*** Entries supplied ***
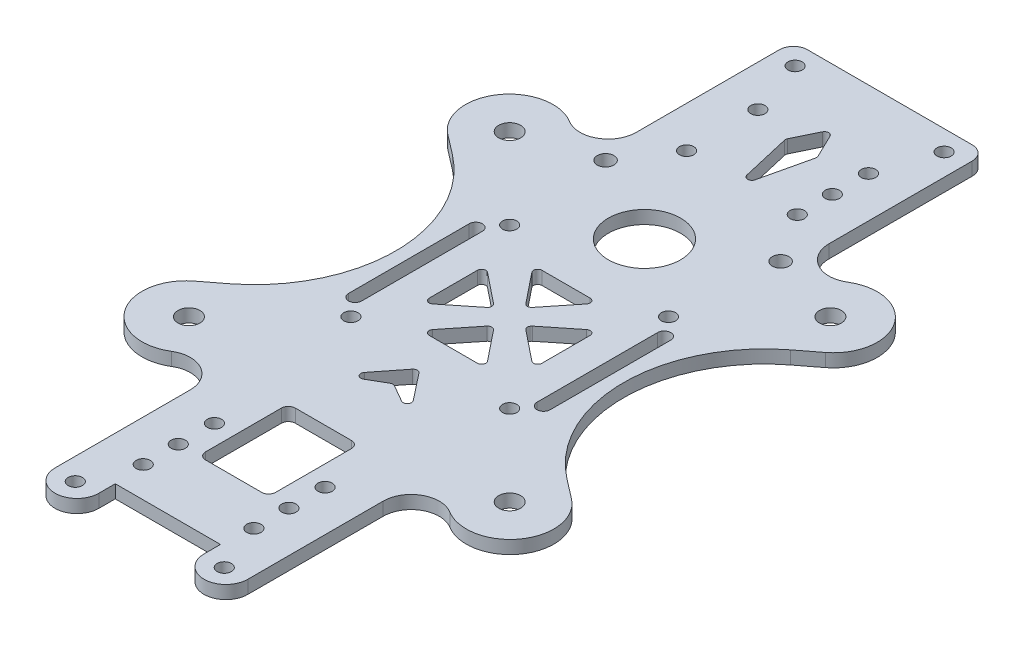
SolidWorks part; units mm, degrees
ref_plane "Front Plane" through (0, 0, 0) normal (0, 0, 1) x (1, 0, 0)
ref_plane "Top Plane" through (0, 0, 0) normal (0, 1, 0) x (1, 0, 0)
ref_plane "Right Plane" through (0, 0, 0) normal (1, 0, 0) x (0, 0, -1)
sketch "Sketch1" plane through (0, 0, 0) normal (0, 1, 0) x (1, 0, 0)
  line L0 (0, 68.8578) -> (0, -61.9125)
  line L1 (17.4625, -68.8578) -> (9.525, -68.8578)
  line L2 (17.4625, -68.8578) -> (17.4625, -30.1567)
  line L3 (17.4625, 68.8578) -> (-17.4625, 68.8578)
  line L4 (-17.4625, -68.8578) -> (-17.4625, -30.1567)
  line L5 (17.4625, -68.8578) -> (-17.4625, 68.8578) construction
  line L6 (17.4625, 68.8578) -> (-17.4625, -68.8578) construction
  line L7 (9.525, -68.8578) -> (9.525, -61.9125)
  line L8 (9.525, -61.9125) -> (-9.525, -61.9125)
  line L9 (-9.525, -68.8578) -> (-17.4625, -68.8578)
  line L10 (0, -16.2719) -> (6.8741, -25.0031)
  line L11 (-6.35, -50.0063) -> (6.35, -50.0063)
  line L12 (-6.35, -50.0063) -> (-6.35, -33.7344)
  line L13 (-6.35, -33.7344) -> (6.35, -33.7344)
  line L14 (6.35, -50.0063) -> (6.35, -33.7344)
  line L15 (-6.35, -50.0063) -> (6.35, -33.7344) construction
  line L16 (-6.35, -33.7344) -> (6.35, -50.0063) construction
  line L17 (6.8741, -25.0031) -> (0, -21.0344)
  line L18 (0, -2.7781) -> (5.9531, -10.2136)
  line L19 (5.9531, -10.2136) -> (-5.9531, -10.2136)
  line L20 (-5.9531, -10.2136) -> (0, -2.7781)
  line L30 (17.0656, 10.9234) -> (17.0656, -10.9234) construction
  line L31 (18.2563, 10.9234) -> (18.2563, -10.9234)
  line L32 (15.875, 10.9234) -> (15.875, -10.9234)
  line L33 (-55, 0) -> (55, 0) construction
  line L34 (0, 58.743) -> (2.8661, 52.8592)
  line L35 (2.8661, 52.8592) -> (0, 40.4868)
  line L36 (17.4625, 30.1567) -> (30.8194, 40.4174)
  line L37 (30.8194, 40.4174) -> (40.4903, 27.8281)
  line L38 (40.4903, 27.8281) -> (20.6375, 12.5774)
  line L39 (40.4903, -27.8281) -> (20.6375, -12.5774)
  line L40 (30.8194, -40.4174) -> (40.4903, -27.8281)
  line L41 (17.4625, -30.1567) -> (30.8194, -40.4174)
  line L42 (20.6375, 12.5774) -> (20.6375, -12.5774)
  line L43 (-17.4625, -30.1567) -> (-30.8194, -40.4174)
  line L44 (-30.8194, -40.4174) -> (-40.4903, -27.8281)
  line L45 (-40.4903, -27.8281) -> (-20.6375, -12.5774)
  line L46 (-20.6375, 12.5774) -> (-20.6375, -12.5774)
  line L47 (-40.4903, 27.8281) -> (-20.6375, 12.5774)
  line L48 (-30.8194, 40.4174) -> (-40.4903, 27.8281)
  line L49 (-17.4625, 30.1567) -> (-30.8194, 40.4174)
  line L50 (-9.525, -68.8578) -> (-9.525, -61.9125)
  line L51 (-17.0656, 10.9234) -> (-17.0656, -10.9234) construction
  line L52 (-18.2563, 10.9234) -> (-18.2563, -10.9234)
  line L53 (-15.875, 10.9234) -> (-15.875, -10.9234)
  line L54 (-2.8661, 52.8592) -> (0, 40.4868)
  line L55 (0, 58.743) -> (-2.8661, 52.8592)
  line L56 (17.4625, 30.1567) -> (17.4625, 68.8578)
  line L57 (-17.4625, 30.1567) -> (-17.4625, 68.8578)
  line L58 (-6.8741, -25.0031) -> (0, -21.0344)
  line L59 (0, -16.2719) -> (-6.8741, -25.0031)
  line L60 (14.3824, -14.3824) -> (0, 0)
  line L61 (35.6549, -34.1228) -> (30.6192, -30.2544)
  line L62 (-10.2136, 5.9531) -> (-2.7781, 0)
  line L63 (-2.7781, 0) -> (-10.2136, -5.9531)
  line L64 (-10.2136, -5.9531) -> (-10.2136, 5.9531)
  line L65 (5.9531, 10.2136) -> (0, 2.7781)
  line L66 (0, 2.7781) -> (-5.9531, 10.2136)
  line L67 (-5.9531, 10.2136) -> (5.9531, 10.2136)
  line L68 (10.2136, -5.9531) -> (2.7781, 0)
  line L69 (2.7781, 0) -> (10.2136, 5.9531)
  line L70 (10.2136, 5.9531) -> (10.2136, -5.9531)
  circle A0 centre (13.4938, -65.1867) radius 1.2898
  circle A1 centre (10.0211, -50.0063) radius 1.2898
  circle A2 centre (10.0211, -43.4578) radius 1.2898
  circle A3 centre (10.0211, -56.3563) radius 1.2898
  circle A4 centre (0, 24.4134) radius 6.5484
  circle A5 centre (10.0211, 54.9672) radius 1.2898
  circle A6 centre (10.0211, 48.4187) radius 1.2898
  circle A7 centre (10.0211, 42.0687) radius 1.2898
  arc A8 (18.2563, 10.9234) -> (15.875, 10.9234) centre (17.0656, 10.9234) ccw
  arc A9 (15.875, -10.9234) -> (18.2563, -10.9234) centre (17.0656, -10.9234) ccw
  circle A10 centre (14.3824, -14.3824) radius 1.2898
  circle A11 centre (14.3824, 14.3824) radius 1.2898
  circle A13 centre (13.4938, 65.1867) radius 1.2898
  circle A14 centre (-13.4937, -65.1867) radius 1.2898
  circle A15 centre (-10.0211, -56.3562) radius 1.2898
  circle A16 centre (-10.0211, -50.0062) radius 1.2898
  circle A17 centre (-10.0211, -43.4578) radius 1.2898
  circle A18 centre (-14.3824, -14.3824) radius 1.2898
  arc A19 (-18.2563, 10.9234) -> (-15.875, 10.9234) centre (-17.0656, 10.9234) cw
  arc A20 (-15.875, -10.9234) -> (-18.2563, -10.9234) centre (-17.0656, -10.9234) cw
  circle A21 centre (-14.3824, 14.3824) radius 1.2898
  circle A23 centre (-10.0211, 42.0688) radius 1.2898
  circle A24 centre (-10.0211, 54.9672) radius 1.2898
  circle A25 centre (-13.4938, 65.1867) radius 1.2898
  circle A26 centre (29.0455, -29.0455) radius 1.9844
  circle A27 centre (-29.0455, -29.0455) radius 1.9844
  circle A28 centre (-29.0455, 29.0455) radius 1.9844
  circle A29 centre (29.0455, 29.0455) radius 1.9844
  circle A30 centre (15.8533, 33.2239) radius 1.504
  circle A31 centre (-15.8533, 33.2239) radius 1.504
  point P0 (0, 0)
  point P10 (9.525, -65.3852)
  point P17 (13.4938, -68.8578)
  point P18 (0, -41.8703)
  point P26 (17.0656, 0)
  point P88 (0, -61.9125)
  point P100 (-17.0656, 0)
  point P111 (-10.0211, 48.4188)
  point P123 (0, 0)
  point P132 (0, 0)
  dimension "D4" = 2.5797
  dimension "D5" = 2.3813
  dimension "D11" = 10.3187
  dimension "D12" = 2.5797
  dimension "D13" = 2.5797
  dimension "D14" = 13.0969
  dimension "D23" = 3.0079
  dimension "D25" = 3.9688
  dimension "D27" = 1.1906
  dimension "D28" = 24.228
  dimension "D30" = 19.05
  dimension "D40" = 3.9688
  dimension "D42" = 17.4625
  dimension "D1" = 137.7156
  dimension "D2" = 34.925
  dimension "D3" = 7.9375
  dimension "D6" = 6.9453
  dimension "D7" = 16.2719
  dimension "D8" = 12.7
  dimension "D9" = 11.9062
  dimension "D10" = 2.3813
  dimension "D15" = 12.7
  dimension "D16" = 7.9375
  dimension "D17" = 11.1125
  dimension "D18" = 4.7625
  dimension "D19" = 9.525
  dimension "D20" = 11.9062
  dimension "D21" = 2.7781
  dimension "D32" = 9.525
  dimension "D33" = 18.2562
  dimension "D34" = 12.7
  dimension "D35" = 6.5448
  dimension "D36" = 15.875
  dimension "D37" = 41.275
  dimension "D38" = 2.3813
  dimension "D39" = 45
  dimension "D41" = 6.35
  dimension "D24" = 2
  dimension "D43" = 4
  dimension "D22" = 4
extrude "Boss-Extrude1" add sketch "Sketch1" along normal mid plane 2.3813 contours A4 L0 L54 L55 L3 L57 L49 L48 L47 L46 L45 L44 L43 L4 L9 L50 L8 L11 L12 L13 L19 L20 L63 L64 A25 A23 A21 A17 A15 A14 A16 | A4 L0 L64 L62 L18 L19 L10 L17 L13 L14 L11 L8 L7 L1 L2 L41 L40 L39 L42 L38 L37 L36 L56 L3 L34 L35 L66 L67 L65 A0 A1 A2 A3 A5 A6 region at (14.1469, 0, -2.1535) region at (-14.1389, 0, -2.243)
fillet "Fillet1" 2 edges at (-17.4625, 0, 68.8578) (-9.525, 0, 68.8578) type full round first side face at (-17.4625, 0, 49.5073) second side face at (-9.525, 0, 65.3852) middle face at (-13.4937, 0, 68.8578)
fillet "Fillet2" 2 edges at (9.525, 0, 68.8578) (17.4625, 0, 68.8578) type full round first side face at (9.525, 0, 65.3852) second side face at (17.4625, 0, 49.5073) middle face at (13.4938, 0, 68.8578)
fillet "Fillet3" 2 edges at (30.8194, 0, -40.4174) (40.4903, 0, -27.8281) type full round first side face at (24.1409, 0, -35.287) second side face at (30.5639, 0, -20.2028) middle face at (35.6549, 0, -34.1228)
fillet "Fillet4" 2 edges at (30.8194, 0, 40.4174) (40.4903, 0, 27.8281) type full round first side face at (24.1409, 0, 35.287) second side face at (30.5639, 0, 20.2028) middle face at (35.6549, 0, 34.1228)
fillet "Fillet5" 2 edges at (-40.4903, 0, 27.8281) (-30.8194, 0, 40.4174) type full round first side face at (-30.5639, 0, 20.2028) second side face at (-24.1409, 0, 35.287) middle face at (-35.6549, 0, 34.1228)
fillet "Fillet6" 2 edges at (-30.8194, 0, -40.4174) (-40.4903, 0, -27.8281) type full round first side face at (-24.1409, 0, -35.287) second side face at (-30.5639, 0, -20.2028) middle face at (-35.6549, 0, -34.1228)
fillet "Fillet9" radius 5.08 4 edges at (-17.4625, 0, -30.1567) (17.4625, 0, 30.1567) (-17.4625, 0, 30.1567) (17.4625, 0, -30.1567)
fillet "Fillet10" radius 2.54 2 edges at (17.4625, 0, -68.8578) (-17.4625, 0, -68.8578)
fillet "Fillet11" radius 0.762 20 edges at (0, 0, -40.4868) (2.8661, 0, -52.8592) (-2.8661, 0, -52.8592) (0, 0, -58.743) (6.8741, 0, 25.0031) (0, 0, 21.0344) (-6.8741, 0, 25.0031) (0, 0, 16.2719) (-5.9531, 0, 10.2136) (0, 0, 2.7781) (5.9531, 0, 10.2136) (5.9531, 0, -10.2136) (0, 0, -2.7781) (-5.9531, 0, -10.2136) (-2.7781, 0, 0) (-10.2136, 0, -5.9531) (-10.2136, 0, 5.9531) (10.2136, 0, 5.9531) (2.7781, 0, 0) (10.2136, 0, -5.9531)
fillet "Fillet14" radius 1.27 4 edges at (6.35, 0, 33.7344) (6.35, 0, 50.0063) (-6.35, 0, 33.7344) (-6.35, 0, 50.0063)
fillet "Fillet16" 2 edges at (20.6375, 0, 12.5774) (20.6375, 0, -12.5774) type full round first side face at (27.4166, 0, 17.785) second side face at (27.4166, 0, -17.785) middle face at (20.6375, 0, 0)
fillet "Fillet17" 2 edges at (-20.6375, 0, 12.5774) (-20.6375, 0, -12.5774) type full round first side face at (-27.4166, 0, 17.785) second side face at (-27.4166, 0, -17.785) middle face at (-20.6375, 0, 0)
*** End of Entries supplied ***
> _Task details_
All that is wanted is the stretch of lines above from the one containing "line L7 (9.525, -68.8578)" through the one containing "line L42 (20.6375, 12.5774)", duplicated exactly.

> _Reply to the exercise_
  line L7 (9.525, -68.8578) -> (9.525, -61.9125)
  line L8 (9.525, -61.9125) -> (-9.525, -61.9125)
  line L9 (-9.525, -68.8578) -> (-17.4625, -68.8578)
  line L10 (0, -16.2719) -> (6.8741, -25.0031)
  line L11 (-6.35, -50.0063) -> (6.35, -50.0063)
  line L12 (-6.35, -50.0063) -> (-6.35, -33.7344)
  line L13 (-6.35, -33.7344) -> (6.35, -33.7344)
  line L14 (6.35, -50.0063) -> (6.35, -33.7344)
  line L15 (-6.35, -50.0063) -> (6.35, -33.7344) construction
  line L16 (-6.35, -33.7344) -> (6.35, -50.0063) construction
  line L17 (6.8741, -25.0031) -> (0, -21.0344)
  line L18 (0, -2.7781) -> (5.9531, -10.2136)
  line L19 (5.9531, -10.2136) -> (-5.9531, -10.2136)
  line L20 (-5.9531, -10.2136) -> (0, -2.7781)
  line L30 (17.0656, 10.9234) -> (17.0656, -10.9234) construction
  line L31 (18.2563, 10.9234) -> (18.2563, -10.9234)
  line L32 (15.875, 10.9234) -> (15.875, -10.9234)
  line L33 (-55, 0) -> (55, 0) construction
  line L34 (0, 58.743) -> (2.8661, 52.8592)
  line L35 (2.8661, 52.8592) -> (0, 40.4868)
  line L36 (17.4625, 30.1567) -> (30.8194, 40.4174)
  line L37 (30.8194, 40.4174) -> (40.4903, 27.8281)
  line L38 (40.4903, 27.8281) -> (20.6375, 12.5774)
  line L39 (40.4903, -27.8281) -> (20.6375, -12.5774)
  line L40 (30.8194, -40.4174) -> (40.4903, -27.8281)
  line L41 (17.4625, -30.1567) -> (30.8194, -40.4174)
  line L42 (20.6375, 12.5774) -> (20.6375, -12.5774)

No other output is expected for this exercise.